Host model recommendations:

| Host | Hardware | Default offline coding model | Larger/secondary model |
|------+----------+------------------------------+------------------------|
| current high-end machine | Ryzen AI Max+ 395, 128 GiB unified RAM, Radeon 8060S | =Qwen3-Coder-30B-A3B-Instruct-GGUF Q6_K= | =Qwen3-Next-80B-A3B-Instruct-GGUF Q4_K_M= |
| velox | i7-1370P, 64 GiB RAM, Intel Iris Xe | =Qwen3-Coder-30B-A3B-Instruct-GGUF Q4_K_M= | 8B fallback for speed |

Rationale:

- The Qwen3-Coder 30B GGUF sizes leave enough headroom for context and a second
  agent on both machines.
- The high-end machine can also carry Qwen3-Next 80B Q4_K_M at 48.4 GB, useful
  for long-context planning or general reasoning offline.
- =velox= is memory-capable but GPU-limited; Qwen3-Coder 30B Q4_K_M is the
  strongest practical coding default before latency becomes the dominant pain.

* Migration plan

** Phase 1: Add runtime identity without renaming everything

- Teach =ai= launcher to set =AI_AGENT_ID=, =AI_RUNTIME=, =AI_PROJECT_DIR=, and
  =AI_SESSION_CONTEXT=.
- Update startup/wrap-up workflows to prefer =AI_SESSION_CONTEXT=.
- Keep legacy =.ai/session-context.org= fallback.
- Add tests for two simultaneous session-context files.

** Phase 2: Introduce runtime manifests and generic install commands

- Add =runtimes/claude.toml= and make current install behavior data-driven.
- Add =runtimes/local-openai.toml= with command templates.
- Add =make install-runtime= and keep =make install= as Claude-compatible alias.

** Phase 3: Split common language bundles from runtime adapters

- Move runtime-neutral language rules into =languages/<lang>/common=.
- Keep Claude-specific settings/hooks under =languages/<lang>/runtimes/claude=.
- Add local-openai adapter docs/instructions for at least elisp.

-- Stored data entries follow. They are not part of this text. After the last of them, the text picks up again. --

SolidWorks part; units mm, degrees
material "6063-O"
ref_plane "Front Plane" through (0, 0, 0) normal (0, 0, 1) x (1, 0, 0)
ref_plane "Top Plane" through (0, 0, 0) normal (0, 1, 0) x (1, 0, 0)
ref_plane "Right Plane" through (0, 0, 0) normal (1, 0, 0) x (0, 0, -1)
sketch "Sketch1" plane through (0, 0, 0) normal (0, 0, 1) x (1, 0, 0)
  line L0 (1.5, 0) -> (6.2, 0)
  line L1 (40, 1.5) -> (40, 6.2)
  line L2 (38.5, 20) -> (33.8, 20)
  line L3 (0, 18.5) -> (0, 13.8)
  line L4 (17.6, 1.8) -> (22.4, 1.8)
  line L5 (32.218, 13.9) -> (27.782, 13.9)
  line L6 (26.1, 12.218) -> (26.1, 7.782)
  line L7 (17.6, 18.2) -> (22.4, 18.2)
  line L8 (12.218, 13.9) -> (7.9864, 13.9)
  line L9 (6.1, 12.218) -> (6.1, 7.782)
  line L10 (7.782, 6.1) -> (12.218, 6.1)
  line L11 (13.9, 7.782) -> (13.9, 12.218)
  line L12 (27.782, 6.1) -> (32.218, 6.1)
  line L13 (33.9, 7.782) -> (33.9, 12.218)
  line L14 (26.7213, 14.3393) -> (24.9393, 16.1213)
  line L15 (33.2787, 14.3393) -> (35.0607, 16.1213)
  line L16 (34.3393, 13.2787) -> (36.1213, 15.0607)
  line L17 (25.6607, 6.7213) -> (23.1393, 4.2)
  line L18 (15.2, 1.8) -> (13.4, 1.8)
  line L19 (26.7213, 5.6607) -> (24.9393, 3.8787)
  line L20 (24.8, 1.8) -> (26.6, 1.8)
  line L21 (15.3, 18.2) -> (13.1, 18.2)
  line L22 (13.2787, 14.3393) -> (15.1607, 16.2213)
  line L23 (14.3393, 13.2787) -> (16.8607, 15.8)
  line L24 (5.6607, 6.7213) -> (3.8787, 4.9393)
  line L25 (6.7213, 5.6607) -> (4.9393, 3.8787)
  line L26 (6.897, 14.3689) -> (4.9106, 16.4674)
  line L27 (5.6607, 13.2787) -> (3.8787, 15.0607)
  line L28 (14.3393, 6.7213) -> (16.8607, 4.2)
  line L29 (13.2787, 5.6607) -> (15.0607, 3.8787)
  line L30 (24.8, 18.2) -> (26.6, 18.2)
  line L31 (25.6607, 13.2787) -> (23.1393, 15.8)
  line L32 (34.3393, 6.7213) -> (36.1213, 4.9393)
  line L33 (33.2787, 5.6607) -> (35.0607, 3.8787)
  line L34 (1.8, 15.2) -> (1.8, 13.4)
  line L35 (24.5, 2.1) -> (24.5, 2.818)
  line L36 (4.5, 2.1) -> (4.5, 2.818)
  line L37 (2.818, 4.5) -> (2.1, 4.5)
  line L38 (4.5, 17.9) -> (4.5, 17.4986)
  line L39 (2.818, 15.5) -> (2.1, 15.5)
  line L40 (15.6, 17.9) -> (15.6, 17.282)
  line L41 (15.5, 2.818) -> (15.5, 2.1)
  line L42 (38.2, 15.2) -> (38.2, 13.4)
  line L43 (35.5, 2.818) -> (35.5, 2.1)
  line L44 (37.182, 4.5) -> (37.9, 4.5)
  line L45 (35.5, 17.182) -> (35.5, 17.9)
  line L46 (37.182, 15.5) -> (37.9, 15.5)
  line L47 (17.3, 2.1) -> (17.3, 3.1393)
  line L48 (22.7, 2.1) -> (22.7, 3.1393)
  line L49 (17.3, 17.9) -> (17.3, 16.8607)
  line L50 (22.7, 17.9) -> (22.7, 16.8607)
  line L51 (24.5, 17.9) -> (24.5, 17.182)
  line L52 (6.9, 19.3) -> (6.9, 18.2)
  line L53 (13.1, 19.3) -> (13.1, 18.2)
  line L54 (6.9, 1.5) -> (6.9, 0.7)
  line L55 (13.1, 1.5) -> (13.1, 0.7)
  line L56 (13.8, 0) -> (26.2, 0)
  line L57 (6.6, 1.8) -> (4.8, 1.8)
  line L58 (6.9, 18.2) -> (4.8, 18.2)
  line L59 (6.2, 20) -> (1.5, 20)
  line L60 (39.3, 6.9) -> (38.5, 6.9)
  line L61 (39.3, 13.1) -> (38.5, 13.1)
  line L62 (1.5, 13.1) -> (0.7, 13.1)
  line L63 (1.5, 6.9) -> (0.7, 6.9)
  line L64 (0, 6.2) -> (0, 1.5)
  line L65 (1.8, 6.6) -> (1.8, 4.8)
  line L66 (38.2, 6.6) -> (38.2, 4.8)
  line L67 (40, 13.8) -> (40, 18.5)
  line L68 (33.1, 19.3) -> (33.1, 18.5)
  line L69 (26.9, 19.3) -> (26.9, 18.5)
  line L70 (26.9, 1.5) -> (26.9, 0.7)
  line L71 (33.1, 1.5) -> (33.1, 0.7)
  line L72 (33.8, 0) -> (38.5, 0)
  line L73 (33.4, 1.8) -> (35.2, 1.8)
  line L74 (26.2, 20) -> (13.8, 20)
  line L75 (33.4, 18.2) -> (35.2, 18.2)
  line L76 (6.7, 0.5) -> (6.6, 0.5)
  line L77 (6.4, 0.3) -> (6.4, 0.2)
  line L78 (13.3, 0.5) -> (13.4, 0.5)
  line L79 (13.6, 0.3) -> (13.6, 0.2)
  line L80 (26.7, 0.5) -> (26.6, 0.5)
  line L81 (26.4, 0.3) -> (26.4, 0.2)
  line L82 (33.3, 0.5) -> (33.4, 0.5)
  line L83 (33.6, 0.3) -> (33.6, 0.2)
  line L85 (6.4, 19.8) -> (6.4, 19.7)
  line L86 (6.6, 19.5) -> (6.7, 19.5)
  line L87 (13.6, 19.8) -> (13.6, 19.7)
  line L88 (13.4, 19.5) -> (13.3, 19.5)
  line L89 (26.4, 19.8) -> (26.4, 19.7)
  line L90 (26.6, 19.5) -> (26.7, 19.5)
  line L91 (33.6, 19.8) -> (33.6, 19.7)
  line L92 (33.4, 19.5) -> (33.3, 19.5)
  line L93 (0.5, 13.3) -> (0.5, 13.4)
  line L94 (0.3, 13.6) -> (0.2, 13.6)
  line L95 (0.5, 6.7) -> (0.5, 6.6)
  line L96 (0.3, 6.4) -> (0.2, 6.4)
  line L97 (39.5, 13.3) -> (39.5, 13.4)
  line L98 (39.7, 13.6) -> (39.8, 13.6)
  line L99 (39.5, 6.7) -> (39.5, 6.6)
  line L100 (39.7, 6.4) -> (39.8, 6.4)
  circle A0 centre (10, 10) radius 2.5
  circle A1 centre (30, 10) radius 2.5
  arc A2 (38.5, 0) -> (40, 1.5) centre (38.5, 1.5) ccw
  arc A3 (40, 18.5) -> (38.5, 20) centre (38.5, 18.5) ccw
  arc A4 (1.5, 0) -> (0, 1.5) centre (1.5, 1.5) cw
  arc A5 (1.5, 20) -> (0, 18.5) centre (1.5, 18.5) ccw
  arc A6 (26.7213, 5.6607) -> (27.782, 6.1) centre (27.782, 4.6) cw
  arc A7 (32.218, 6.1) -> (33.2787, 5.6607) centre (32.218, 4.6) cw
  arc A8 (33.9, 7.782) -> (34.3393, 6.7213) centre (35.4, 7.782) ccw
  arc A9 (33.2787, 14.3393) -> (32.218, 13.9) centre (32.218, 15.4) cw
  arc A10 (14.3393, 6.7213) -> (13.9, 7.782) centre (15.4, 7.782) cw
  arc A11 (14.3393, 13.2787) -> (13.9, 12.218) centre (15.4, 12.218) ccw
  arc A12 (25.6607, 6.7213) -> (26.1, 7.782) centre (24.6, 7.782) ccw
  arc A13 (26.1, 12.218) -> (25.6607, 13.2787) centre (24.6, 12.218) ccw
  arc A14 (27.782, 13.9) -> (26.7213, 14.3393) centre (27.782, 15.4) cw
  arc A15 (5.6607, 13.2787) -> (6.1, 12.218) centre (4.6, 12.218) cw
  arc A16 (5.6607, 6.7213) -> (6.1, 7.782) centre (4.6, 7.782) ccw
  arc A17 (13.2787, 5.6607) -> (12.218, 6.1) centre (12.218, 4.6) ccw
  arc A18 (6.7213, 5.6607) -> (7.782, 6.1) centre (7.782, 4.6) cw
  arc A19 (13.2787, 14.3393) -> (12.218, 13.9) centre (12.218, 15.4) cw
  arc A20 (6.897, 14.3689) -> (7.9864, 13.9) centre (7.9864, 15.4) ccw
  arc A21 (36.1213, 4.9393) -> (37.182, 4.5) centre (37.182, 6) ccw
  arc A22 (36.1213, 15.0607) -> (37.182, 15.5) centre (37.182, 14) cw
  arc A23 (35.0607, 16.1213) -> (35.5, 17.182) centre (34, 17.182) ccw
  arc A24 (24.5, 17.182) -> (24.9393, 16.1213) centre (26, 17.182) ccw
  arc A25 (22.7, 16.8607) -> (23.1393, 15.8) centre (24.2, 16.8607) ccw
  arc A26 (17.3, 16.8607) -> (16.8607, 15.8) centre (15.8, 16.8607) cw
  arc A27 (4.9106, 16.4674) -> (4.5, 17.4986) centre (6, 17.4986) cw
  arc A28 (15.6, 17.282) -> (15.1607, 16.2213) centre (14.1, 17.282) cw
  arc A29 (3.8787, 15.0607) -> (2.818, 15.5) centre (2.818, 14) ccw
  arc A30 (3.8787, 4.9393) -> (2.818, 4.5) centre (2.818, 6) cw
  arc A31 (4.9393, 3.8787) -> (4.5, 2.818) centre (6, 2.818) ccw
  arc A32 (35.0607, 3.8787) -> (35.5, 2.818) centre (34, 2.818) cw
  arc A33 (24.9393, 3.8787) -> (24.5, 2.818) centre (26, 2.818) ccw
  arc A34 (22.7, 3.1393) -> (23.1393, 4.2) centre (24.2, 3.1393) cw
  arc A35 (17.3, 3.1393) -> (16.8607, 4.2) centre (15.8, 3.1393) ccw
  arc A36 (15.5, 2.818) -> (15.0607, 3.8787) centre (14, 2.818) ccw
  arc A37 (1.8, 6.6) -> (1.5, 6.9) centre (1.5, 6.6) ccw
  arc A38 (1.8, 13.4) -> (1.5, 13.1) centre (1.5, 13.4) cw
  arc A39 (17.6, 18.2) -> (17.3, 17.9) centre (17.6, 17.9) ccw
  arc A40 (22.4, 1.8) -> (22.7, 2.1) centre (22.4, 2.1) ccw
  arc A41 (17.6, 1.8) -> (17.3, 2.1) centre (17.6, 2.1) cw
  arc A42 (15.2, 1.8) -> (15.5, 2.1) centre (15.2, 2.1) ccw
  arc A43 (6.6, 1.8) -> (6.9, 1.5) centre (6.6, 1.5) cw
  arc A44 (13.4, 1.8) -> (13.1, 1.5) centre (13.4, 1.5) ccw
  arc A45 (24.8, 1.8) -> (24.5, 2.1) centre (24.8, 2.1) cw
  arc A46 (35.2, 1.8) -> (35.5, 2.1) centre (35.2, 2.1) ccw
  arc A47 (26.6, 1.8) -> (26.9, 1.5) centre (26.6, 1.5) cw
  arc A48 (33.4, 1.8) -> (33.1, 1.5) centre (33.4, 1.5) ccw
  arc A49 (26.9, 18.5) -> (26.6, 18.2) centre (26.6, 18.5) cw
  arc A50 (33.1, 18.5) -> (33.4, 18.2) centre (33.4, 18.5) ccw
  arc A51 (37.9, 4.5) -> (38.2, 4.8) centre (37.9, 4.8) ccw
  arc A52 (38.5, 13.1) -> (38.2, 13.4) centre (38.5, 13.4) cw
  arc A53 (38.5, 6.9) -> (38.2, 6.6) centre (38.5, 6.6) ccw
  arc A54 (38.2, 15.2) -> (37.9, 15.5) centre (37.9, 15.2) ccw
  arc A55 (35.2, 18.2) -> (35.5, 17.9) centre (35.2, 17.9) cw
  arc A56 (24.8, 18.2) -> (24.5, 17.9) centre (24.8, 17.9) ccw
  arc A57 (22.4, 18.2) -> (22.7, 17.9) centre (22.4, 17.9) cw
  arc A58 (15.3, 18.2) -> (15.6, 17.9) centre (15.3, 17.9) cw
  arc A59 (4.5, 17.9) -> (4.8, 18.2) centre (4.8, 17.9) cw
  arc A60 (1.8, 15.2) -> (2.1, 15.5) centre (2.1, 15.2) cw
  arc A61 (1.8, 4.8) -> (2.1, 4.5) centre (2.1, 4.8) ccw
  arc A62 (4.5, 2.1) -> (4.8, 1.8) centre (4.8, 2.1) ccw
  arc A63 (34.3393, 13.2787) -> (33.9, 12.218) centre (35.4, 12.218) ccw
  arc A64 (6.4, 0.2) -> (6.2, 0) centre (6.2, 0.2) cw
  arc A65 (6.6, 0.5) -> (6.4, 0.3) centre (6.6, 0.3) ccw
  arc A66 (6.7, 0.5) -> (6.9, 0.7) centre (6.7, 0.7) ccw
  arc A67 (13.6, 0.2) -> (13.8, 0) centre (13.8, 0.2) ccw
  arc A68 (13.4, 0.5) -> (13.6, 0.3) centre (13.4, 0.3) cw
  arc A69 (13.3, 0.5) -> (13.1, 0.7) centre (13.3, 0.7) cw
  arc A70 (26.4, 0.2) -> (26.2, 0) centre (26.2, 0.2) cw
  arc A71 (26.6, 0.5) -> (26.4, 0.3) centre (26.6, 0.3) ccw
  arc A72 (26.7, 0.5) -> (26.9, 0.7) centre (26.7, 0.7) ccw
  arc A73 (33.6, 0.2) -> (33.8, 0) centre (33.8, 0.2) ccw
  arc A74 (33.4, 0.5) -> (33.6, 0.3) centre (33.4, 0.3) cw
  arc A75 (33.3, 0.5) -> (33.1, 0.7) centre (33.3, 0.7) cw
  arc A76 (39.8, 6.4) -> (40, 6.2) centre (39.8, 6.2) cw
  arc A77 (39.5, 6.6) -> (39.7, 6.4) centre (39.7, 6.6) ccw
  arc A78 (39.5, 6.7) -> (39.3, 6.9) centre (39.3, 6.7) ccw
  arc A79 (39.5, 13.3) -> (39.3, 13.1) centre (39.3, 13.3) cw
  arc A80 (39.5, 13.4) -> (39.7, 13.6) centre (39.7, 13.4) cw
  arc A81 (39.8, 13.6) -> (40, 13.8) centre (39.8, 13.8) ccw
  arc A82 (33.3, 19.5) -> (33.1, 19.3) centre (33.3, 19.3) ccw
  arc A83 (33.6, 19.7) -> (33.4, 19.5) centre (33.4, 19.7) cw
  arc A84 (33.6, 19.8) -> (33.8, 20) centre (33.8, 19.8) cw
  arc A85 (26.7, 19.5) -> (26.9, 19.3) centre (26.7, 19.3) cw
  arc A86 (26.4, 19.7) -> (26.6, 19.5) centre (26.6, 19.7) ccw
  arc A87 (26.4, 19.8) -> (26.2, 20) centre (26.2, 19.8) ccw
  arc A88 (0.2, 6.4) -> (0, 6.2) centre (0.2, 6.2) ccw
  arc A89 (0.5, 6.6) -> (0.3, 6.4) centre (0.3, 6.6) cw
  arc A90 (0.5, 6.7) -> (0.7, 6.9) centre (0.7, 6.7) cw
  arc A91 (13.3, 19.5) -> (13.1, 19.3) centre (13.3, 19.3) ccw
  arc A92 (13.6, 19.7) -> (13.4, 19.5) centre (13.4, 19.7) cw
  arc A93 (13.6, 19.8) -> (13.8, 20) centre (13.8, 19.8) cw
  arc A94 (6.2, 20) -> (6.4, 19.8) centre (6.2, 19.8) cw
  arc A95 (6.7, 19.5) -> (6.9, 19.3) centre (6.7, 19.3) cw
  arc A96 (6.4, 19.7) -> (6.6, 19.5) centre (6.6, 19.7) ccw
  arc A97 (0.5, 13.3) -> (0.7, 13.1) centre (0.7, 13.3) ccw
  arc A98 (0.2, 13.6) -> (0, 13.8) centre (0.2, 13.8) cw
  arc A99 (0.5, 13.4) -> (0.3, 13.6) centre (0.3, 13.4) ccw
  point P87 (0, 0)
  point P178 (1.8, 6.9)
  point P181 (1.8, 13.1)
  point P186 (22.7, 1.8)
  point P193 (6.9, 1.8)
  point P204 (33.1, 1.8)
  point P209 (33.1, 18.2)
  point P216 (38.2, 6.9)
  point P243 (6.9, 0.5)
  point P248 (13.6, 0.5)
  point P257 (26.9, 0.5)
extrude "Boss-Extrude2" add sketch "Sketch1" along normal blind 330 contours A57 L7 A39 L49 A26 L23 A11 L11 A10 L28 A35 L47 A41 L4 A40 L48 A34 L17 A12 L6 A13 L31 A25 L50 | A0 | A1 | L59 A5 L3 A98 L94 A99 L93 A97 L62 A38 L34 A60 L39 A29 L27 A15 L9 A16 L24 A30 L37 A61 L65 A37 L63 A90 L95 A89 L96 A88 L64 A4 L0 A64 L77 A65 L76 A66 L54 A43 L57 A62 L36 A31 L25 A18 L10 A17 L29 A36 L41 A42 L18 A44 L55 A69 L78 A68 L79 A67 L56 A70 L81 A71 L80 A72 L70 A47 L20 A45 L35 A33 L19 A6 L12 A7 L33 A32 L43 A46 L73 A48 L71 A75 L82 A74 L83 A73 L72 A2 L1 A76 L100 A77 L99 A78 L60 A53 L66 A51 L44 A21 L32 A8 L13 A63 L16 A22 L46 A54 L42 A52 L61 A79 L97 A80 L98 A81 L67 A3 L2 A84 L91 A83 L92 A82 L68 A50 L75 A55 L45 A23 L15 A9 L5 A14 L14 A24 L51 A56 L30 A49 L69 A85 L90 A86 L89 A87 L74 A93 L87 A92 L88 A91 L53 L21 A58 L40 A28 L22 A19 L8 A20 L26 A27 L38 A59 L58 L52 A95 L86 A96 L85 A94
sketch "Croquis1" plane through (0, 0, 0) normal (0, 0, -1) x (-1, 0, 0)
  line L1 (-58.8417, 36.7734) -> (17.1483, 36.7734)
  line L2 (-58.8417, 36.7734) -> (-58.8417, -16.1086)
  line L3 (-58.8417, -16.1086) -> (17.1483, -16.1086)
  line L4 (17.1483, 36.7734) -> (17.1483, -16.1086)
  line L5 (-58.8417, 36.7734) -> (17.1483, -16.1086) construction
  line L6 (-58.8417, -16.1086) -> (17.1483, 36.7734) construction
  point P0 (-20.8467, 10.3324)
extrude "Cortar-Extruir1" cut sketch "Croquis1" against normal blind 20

** Phase 4: Rename user-facing docs

- Rename =claude-templates= to =ai-templates= after compatibility aliases exist.
- Rename =claude-rules= to =agent-rules= after scripts no longer hard-code it.
- Update docs from "Claude should" to "the active agent should" where the rule is
  runtime-neutral.
- Keep a short Claude adapter README for Claude-only behavior.

** Phase 5: Local model install handoff

- Send archsetup an inbox note requesting local model runtime support.
- After archsetup lands it, teach =rulesets doctor= to verify:
  - =llama-server= or =ollama= installed.
  - configured model files exist.
  - configured OpenAI-compatible endpoint can answer a smoke prompt.

* Test strategy

- Unit-test launcher runtime selection and =AI_AGENT_ID= generation.
- Unit-test session-context path generation and archival names.
- Integration-test two fake runtimes launching the same project into distinct
  context files.
- Test =sync-language-bundle.sh= compatibility for legacy Claude bundles.
- Test install-lang for:
  - =RUNTIME=claude= writes =.claude/= and =CLAUDE.md=.
  - =RUNTIME=local-openai= writes =.agents/local-openai/= and does not touch
    =.claude/=.
- Test startup workflow examples or scripts so they look for
  =session-context.d= without breaking old projects.
- Test cross-agent targeted messages with =TARGET_AGENT_ID=.

* Open decisions

- What should the generic project instruction file be: =AGENTS.md=,
  =AI.md=, or runtime-specific only?
- Should =.ai/session-context.org= become a symlink to the current agent's file,
  or should it disappear after migration?
- Should =rulesets= standardize on =llama.cpp= only, or support =ollama= as the
  default beginner-friendly local runtime?
- Which local agent CLI should be the first supported offline editor:
  =aider=, =opencode=, a simple custom wrapper, or something else?

* Recommended next step

Start with Phase 1 only. The singleton session-context file is the immediate
correctness issue for simultaneous agents, and it can be fixed without renaming
the whole repository or disrupting current Claude installs.